Rincian tarif bunga sanksi administrasi pajak yang berlaku pada periode 1 Maret 2026 sampai dengan 31 Maret 2026 dapat dilihat pada tabel berikut.
Sanksi Administrasi
| Pasal dalam KUP | Pengenaan Sanksi Administrasi Atas | Tarif bunga per bulan |
|---|---|---|
| Pasal 19 ayat (1) | SKPKB atau SKPKB tambahan, serta Surat Keputusan Pembetulan, Surat Keputusan Keberatan, Putusan Banding atau Putusan Peninjauan Kembali, yang menyebabkan jumlah pajak yang masih harus dibayar bertambah, tapi pada saat jatuh tempo pelunasan tidak atau kurang dibayar. (Bunga Penagihan) | 0,53% |
| Pasal 19 ayat (2) | Wajib pajak yang diperbolehkan mengangsur atau menunda pembayaran pajak (Angsuran/penundaan pembayaran pajak) | |
| Pasal 19 ayat (3) | Wajib pajak diperbolehkan menunda penyampaian SPT Tahunan dan ternyata penghitungan sementara pajak yang terutang sebagaimana dimaksud dalam Pasal 3 ayat (5) kurang dari jumlah pajak yang sebenarnya terutang. (Kurang Bayar penundaan penyampaian SPT Tahunan) | |
| Pasal 8 ayat (2) | Kurang Bayar Pembetulan SPT Tahunan atau SPT Masa | 0,95% |
| Pasal 8 ayat (2a) | Wajib pajak membetulkan sendiri SPT Masa (sebelum pemeriksaan) yang mengakibatkan utang pajak menjadi lebih besar | |
| Pasal 9 ayat (2a) | Terlambat melakukan penyetoran PPh Masa | |
| Pasal 9 ayat (2b) | Terlambat melakukan penyetoran PPh Tahunan/ PPh Pasal 29 | |
| Pasal 14 ayat (3) | Penerbitan STP oleh DJP akibat: PPh yang tidak/kurang bayar; Berdasarkan hasil penelitian, ada pajak yang kurang dibayar akibat salah tulis dan/atau salah hitung. (PPh dalam tahun berjalan tidak/kurang dibayar atau dari hasil penelitian terdapat kekurangan pembayaran pajak sebagai akibat salah tulis dan/atau salah hitung) | |
| Pasal 8 ayat (5) | Pengungkapan ketidakbenaran SPT setelah pemeriksaan tetapi belum diterbitkan surat ketetapan pajak (SKP). (Pajak yang kurang dibayar yang timbul sebagai akibat dari pengungkapan ketidakbenaran pengisian SPT) | 1,37% |
| Pasal 13 ayat (2) | SKPKB terbit karena pajak yang terutang tidak/kurang dibayar akibat dari hal-hal yang diatur pada Pasal 13 ayat 1 huruf (a) sampai dengan (e) UU KUP. (Sanksi SKPKB) | 1,78% |
| Pasal 13 ayat (2a) | SKPKB terbit karena PKP belum melakukan penyerahan, tetapi telah menerima pengembalian/telah mengkreditkan pajak masukan sebagaimana dimaksud dalam Pasal 9 ayat (6a) UU PPN. (Pengembalian pajak masukan dari pengusaha kena pajak yang tidak berproduksi) | |
| Pasal 13 ayat (3b) | Tambahan sanksi administratif atas penerbitan SKPKB dalam hal:
| 2,20% |
Besaran tarif bunga per bulan tersebut berbeda-beda karena dihitung berdasarkan formula tertentu.

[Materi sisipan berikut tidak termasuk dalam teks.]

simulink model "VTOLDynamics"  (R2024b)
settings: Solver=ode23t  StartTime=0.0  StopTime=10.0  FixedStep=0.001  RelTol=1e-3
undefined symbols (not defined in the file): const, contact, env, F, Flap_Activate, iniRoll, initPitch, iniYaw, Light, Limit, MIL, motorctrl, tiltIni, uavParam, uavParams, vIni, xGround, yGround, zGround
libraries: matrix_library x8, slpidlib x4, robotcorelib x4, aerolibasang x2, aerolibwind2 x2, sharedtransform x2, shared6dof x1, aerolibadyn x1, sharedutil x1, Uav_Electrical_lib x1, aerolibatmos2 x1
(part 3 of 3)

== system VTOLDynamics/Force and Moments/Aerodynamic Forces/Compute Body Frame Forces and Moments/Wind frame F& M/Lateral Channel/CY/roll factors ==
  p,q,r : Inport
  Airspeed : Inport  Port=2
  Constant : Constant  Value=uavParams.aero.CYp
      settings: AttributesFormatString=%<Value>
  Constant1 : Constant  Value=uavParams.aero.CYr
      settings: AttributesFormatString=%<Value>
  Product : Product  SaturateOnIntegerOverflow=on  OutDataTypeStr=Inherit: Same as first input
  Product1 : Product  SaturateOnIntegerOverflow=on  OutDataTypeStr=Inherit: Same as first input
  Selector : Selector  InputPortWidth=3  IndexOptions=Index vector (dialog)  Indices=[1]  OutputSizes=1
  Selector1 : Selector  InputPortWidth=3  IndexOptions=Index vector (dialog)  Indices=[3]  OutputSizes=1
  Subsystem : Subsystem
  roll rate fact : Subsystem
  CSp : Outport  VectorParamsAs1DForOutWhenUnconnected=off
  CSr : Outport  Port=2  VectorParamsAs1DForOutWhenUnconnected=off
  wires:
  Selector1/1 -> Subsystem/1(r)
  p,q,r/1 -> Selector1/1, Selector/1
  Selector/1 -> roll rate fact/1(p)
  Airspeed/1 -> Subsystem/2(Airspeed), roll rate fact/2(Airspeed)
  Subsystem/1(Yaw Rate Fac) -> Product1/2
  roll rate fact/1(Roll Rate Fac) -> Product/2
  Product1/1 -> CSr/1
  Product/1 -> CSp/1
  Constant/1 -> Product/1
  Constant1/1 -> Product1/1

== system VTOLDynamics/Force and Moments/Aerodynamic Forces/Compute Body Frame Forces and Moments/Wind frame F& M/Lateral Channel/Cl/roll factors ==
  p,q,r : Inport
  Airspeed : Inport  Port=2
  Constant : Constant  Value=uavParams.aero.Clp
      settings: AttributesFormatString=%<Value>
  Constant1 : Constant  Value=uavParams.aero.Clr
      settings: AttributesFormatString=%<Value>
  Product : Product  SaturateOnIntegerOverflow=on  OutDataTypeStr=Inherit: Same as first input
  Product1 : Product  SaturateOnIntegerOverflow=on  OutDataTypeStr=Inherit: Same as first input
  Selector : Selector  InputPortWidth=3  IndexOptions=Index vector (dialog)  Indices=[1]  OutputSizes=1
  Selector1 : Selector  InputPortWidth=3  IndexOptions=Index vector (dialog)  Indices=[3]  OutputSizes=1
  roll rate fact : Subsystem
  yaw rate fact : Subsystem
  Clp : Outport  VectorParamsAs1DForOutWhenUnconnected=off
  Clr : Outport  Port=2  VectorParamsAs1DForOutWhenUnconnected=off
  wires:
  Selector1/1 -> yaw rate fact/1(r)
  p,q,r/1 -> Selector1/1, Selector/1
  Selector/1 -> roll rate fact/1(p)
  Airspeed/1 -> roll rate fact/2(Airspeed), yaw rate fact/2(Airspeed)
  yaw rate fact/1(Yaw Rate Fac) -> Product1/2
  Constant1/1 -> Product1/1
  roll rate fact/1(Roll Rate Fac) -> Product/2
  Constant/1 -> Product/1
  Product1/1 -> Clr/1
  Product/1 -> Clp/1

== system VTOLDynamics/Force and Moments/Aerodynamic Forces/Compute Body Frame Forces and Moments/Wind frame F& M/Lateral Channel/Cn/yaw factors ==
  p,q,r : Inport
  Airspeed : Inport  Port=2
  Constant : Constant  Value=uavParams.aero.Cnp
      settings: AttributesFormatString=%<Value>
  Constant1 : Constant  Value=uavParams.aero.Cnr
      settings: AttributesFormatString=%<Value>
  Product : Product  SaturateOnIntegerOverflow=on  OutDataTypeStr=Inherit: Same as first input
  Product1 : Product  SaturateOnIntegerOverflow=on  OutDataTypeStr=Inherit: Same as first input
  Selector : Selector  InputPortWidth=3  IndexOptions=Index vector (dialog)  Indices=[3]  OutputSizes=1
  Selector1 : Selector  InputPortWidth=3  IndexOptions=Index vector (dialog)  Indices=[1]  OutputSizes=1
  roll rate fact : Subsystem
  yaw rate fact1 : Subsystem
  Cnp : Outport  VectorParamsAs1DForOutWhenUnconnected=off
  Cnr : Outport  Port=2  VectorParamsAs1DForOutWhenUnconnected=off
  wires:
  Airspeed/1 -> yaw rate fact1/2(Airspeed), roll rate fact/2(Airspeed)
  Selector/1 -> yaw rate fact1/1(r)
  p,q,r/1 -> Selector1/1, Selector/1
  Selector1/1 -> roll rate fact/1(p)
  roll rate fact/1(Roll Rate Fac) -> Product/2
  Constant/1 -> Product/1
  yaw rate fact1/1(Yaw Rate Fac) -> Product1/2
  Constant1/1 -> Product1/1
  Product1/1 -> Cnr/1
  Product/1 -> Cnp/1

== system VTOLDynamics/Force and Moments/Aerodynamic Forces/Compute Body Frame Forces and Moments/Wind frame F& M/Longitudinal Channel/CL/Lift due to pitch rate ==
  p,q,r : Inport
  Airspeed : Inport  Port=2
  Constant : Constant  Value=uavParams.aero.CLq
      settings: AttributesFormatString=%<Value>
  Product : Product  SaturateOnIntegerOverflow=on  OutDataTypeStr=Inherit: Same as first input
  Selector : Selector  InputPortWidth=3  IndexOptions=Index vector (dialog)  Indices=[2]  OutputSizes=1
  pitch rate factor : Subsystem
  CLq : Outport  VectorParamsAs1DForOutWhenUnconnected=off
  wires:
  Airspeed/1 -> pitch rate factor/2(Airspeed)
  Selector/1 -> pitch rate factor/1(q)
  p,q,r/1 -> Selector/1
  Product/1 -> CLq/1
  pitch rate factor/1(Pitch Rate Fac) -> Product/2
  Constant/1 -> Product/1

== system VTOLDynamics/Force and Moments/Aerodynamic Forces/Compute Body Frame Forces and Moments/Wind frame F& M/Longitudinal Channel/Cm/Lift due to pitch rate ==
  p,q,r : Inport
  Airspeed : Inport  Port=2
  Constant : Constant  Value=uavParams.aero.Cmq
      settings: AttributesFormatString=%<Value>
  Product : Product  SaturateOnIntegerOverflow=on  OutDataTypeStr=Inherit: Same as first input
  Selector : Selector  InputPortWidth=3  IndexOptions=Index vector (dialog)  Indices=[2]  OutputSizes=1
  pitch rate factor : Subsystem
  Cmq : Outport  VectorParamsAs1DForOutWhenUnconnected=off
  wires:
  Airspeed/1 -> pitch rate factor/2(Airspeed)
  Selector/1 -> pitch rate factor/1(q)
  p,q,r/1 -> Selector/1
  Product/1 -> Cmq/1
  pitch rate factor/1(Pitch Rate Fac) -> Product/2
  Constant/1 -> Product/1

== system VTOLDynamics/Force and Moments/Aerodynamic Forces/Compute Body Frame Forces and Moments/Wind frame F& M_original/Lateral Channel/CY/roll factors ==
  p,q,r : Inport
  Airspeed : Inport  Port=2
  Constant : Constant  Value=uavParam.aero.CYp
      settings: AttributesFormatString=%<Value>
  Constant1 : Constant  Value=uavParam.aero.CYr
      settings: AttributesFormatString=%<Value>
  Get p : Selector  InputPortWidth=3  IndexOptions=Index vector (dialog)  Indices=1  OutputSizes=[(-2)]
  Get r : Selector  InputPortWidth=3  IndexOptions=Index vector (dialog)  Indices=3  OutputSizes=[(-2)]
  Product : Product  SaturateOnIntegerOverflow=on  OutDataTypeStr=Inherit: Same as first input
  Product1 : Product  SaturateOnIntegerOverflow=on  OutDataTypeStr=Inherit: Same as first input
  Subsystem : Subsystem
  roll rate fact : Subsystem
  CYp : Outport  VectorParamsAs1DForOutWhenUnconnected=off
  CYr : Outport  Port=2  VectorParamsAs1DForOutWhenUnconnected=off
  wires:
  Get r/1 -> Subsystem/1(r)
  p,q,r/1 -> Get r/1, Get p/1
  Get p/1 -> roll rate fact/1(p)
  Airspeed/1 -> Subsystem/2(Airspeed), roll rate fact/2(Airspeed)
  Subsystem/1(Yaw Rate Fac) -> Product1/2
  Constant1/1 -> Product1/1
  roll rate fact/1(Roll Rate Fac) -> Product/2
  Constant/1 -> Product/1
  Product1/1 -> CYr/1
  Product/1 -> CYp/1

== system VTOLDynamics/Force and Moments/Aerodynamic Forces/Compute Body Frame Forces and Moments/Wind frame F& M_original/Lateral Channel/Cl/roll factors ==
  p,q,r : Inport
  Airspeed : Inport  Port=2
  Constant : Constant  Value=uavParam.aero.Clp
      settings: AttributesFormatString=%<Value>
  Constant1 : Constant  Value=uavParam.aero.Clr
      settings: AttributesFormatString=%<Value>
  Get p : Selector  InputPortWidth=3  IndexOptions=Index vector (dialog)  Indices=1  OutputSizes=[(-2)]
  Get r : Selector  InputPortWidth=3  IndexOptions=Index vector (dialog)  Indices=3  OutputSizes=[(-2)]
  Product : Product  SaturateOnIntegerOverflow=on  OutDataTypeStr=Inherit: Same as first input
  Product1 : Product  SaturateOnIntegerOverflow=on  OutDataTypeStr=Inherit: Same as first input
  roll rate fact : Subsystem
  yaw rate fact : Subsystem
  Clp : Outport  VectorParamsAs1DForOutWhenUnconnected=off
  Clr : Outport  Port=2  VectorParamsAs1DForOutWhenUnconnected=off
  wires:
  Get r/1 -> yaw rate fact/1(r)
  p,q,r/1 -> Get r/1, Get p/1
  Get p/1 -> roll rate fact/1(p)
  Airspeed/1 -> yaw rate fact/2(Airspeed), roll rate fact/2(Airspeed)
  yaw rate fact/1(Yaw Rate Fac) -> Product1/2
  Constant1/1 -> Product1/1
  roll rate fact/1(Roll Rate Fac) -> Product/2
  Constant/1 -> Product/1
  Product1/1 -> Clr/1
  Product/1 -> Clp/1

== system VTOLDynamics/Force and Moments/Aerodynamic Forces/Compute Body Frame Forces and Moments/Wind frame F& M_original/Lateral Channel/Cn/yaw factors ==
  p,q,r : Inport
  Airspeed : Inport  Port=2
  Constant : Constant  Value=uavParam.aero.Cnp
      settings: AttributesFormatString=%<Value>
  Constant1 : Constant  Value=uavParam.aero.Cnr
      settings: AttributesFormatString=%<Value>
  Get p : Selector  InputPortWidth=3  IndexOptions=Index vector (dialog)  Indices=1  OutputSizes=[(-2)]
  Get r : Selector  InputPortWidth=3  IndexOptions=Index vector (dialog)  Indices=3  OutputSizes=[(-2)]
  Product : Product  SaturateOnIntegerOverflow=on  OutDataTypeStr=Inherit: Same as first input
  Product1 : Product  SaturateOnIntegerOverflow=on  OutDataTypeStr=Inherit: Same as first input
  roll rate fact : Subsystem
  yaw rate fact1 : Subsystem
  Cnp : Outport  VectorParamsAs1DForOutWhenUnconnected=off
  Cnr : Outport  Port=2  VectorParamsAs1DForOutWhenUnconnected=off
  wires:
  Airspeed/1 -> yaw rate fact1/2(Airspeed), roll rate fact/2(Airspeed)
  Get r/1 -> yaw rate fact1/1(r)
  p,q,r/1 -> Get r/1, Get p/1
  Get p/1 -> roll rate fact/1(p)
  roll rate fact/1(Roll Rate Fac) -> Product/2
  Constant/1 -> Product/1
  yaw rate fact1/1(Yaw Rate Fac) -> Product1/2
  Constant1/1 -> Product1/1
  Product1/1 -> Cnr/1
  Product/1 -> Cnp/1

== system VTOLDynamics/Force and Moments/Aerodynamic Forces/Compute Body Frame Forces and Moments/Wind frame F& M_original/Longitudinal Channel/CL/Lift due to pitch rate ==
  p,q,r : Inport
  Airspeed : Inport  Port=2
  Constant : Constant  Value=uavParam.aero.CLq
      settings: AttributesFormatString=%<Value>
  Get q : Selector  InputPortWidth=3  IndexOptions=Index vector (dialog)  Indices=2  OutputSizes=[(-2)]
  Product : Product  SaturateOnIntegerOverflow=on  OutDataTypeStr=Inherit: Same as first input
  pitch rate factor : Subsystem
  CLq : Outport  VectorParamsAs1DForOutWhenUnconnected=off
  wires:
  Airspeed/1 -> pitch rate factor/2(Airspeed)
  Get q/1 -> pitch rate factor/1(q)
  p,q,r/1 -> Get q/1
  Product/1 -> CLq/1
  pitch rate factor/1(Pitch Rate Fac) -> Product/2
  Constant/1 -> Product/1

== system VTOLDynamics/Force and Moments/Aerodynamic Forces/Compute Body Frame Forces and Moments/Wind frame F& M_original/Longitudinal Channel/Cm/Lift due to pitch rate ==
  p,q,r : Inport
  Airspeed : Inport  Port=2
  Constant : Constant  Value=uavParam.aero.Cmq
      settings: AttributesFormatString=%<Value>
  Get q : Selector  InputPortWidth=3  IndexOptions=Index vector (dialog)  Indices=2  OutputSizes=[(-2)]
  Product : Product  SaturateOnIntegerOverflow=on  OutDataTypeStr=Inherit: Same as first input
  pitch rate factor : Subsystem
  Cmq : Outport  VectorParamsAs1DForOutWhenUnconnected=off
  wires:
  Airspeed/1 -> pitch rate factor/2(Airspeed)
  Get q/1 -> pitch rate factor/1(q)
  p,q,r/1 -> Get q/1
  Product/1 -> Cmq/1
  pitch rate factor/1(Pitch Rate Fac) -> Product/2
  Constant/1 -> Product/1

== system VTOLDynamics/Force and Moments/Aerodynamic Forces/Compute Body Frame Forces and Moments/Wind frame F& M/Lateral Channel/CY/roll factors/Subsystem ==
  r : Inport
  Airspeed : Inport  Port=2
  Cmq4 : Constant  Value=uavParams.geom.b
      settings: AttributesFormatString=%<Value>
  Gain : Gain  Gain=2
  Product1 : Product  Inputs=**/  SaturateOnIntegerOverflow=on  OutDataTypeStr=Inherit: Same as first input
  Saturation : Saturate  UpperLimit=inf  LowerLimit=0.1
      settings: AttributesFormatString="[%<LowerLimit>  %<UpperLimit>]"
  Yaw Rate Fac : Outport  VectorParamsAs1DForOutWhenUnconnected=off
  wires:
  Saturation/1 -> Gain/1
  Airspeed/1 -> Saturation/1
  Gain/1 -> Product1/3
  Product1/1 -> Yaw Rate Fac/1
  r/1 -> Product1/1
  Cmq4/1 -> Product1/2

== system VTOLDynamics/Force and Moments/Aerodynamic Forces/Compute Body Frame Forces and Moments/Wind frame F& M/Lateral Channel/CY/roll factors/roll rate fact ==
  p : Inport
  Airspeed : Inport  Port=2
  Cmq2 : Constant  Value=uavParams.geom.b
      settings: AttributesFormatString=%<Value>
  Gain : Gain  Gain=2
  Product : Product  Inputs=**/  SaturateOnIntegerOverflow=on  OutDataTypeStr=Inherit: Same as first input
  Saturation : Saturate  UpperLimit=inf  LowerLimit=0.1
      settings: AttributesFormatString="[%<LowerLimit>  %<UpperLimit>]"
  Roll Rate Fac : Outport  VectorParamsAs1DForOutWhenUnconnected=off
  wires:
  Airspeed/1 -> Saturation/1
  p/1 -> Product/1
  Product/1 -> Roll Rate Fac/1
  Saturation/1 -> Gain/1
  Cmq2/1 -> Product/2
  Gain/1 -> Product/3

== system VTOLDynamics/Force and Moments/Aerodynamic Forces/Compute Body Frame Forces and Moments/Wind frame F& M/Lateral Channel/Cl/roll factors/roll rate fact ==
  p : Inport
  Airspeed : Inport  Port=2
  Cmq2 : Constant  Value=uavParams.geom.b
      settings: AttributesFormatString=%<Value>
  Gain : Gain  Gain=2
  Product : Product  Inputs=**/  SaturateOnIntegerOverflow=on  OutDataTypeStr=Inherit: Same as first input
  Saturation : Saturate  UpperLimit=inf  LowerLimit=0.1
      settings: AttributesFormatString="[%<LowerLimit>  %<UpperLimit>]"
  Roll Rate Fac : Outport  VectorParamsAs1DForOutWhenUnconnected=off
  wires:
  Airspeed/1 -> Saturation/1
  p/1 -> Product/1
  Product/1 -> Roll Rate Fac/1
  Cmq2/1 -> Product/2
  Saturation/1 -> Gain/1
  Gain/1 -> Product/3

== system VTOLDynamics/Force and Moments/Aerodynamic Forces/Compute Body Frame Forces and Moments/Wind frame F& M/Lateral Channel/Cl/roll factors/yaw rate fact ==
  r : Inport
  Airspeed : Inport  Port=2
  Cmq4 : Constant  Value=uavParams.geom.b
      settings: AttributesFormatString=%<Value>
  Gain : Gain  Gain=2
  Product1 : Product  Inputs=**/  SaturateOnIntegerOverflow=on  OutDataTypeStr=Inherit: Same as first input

Perhitungannya menggunakan suku bunga acuan yang ditetapkan Menteri Keuangan, kemudian ditambahkan faktor penyesuaian (uplift factor) sesuai ketentuan pasal terkait, dan selanjutnya dibagi 12 untuk mendapatkan tarif bunga bulanan.
Untuk periode ini, tarif bunga yang digunakan sebagai dasar pemberian imbalan bunga kepada wajib pajak ditetapkan sebesar 0,53% per bulan.
Imbalan Bunga
| Pasal dalam KUP | Hal yang Diberikan Imbalan Bunga | Tarif bunga per bulan |
|---|---|---|
| Pasal 11 ayat (3) | Pengembalian kelebihan pembayaran pajak dilakukan setelah jangka waktu 1 (satu) bulan sejak permohonan | 0,53% |
| Pasal 17B ayat (3) | SKPLB terlambat diterbitkan setelah 1 bulan jangka waktu berakhir | |
| Pasal 17B ayat (4) | SKPLB diterbitkan karena pemeriksaan bukti permulaan tindak pidana dibidang perpajakan:
| |
| Pasal 27B ayat (4) | Pengembalian kelebihan pembayaran pajak atas pengajuan keberatan, permohonan banding, atau permohonan peninjauan kembali yang dikabulkan sebagian atau seluruhnya. |
Sumber: UU KUP s.t.d.t.d UU HPP dan KMK Nomor 9/MK/EF.2/2026.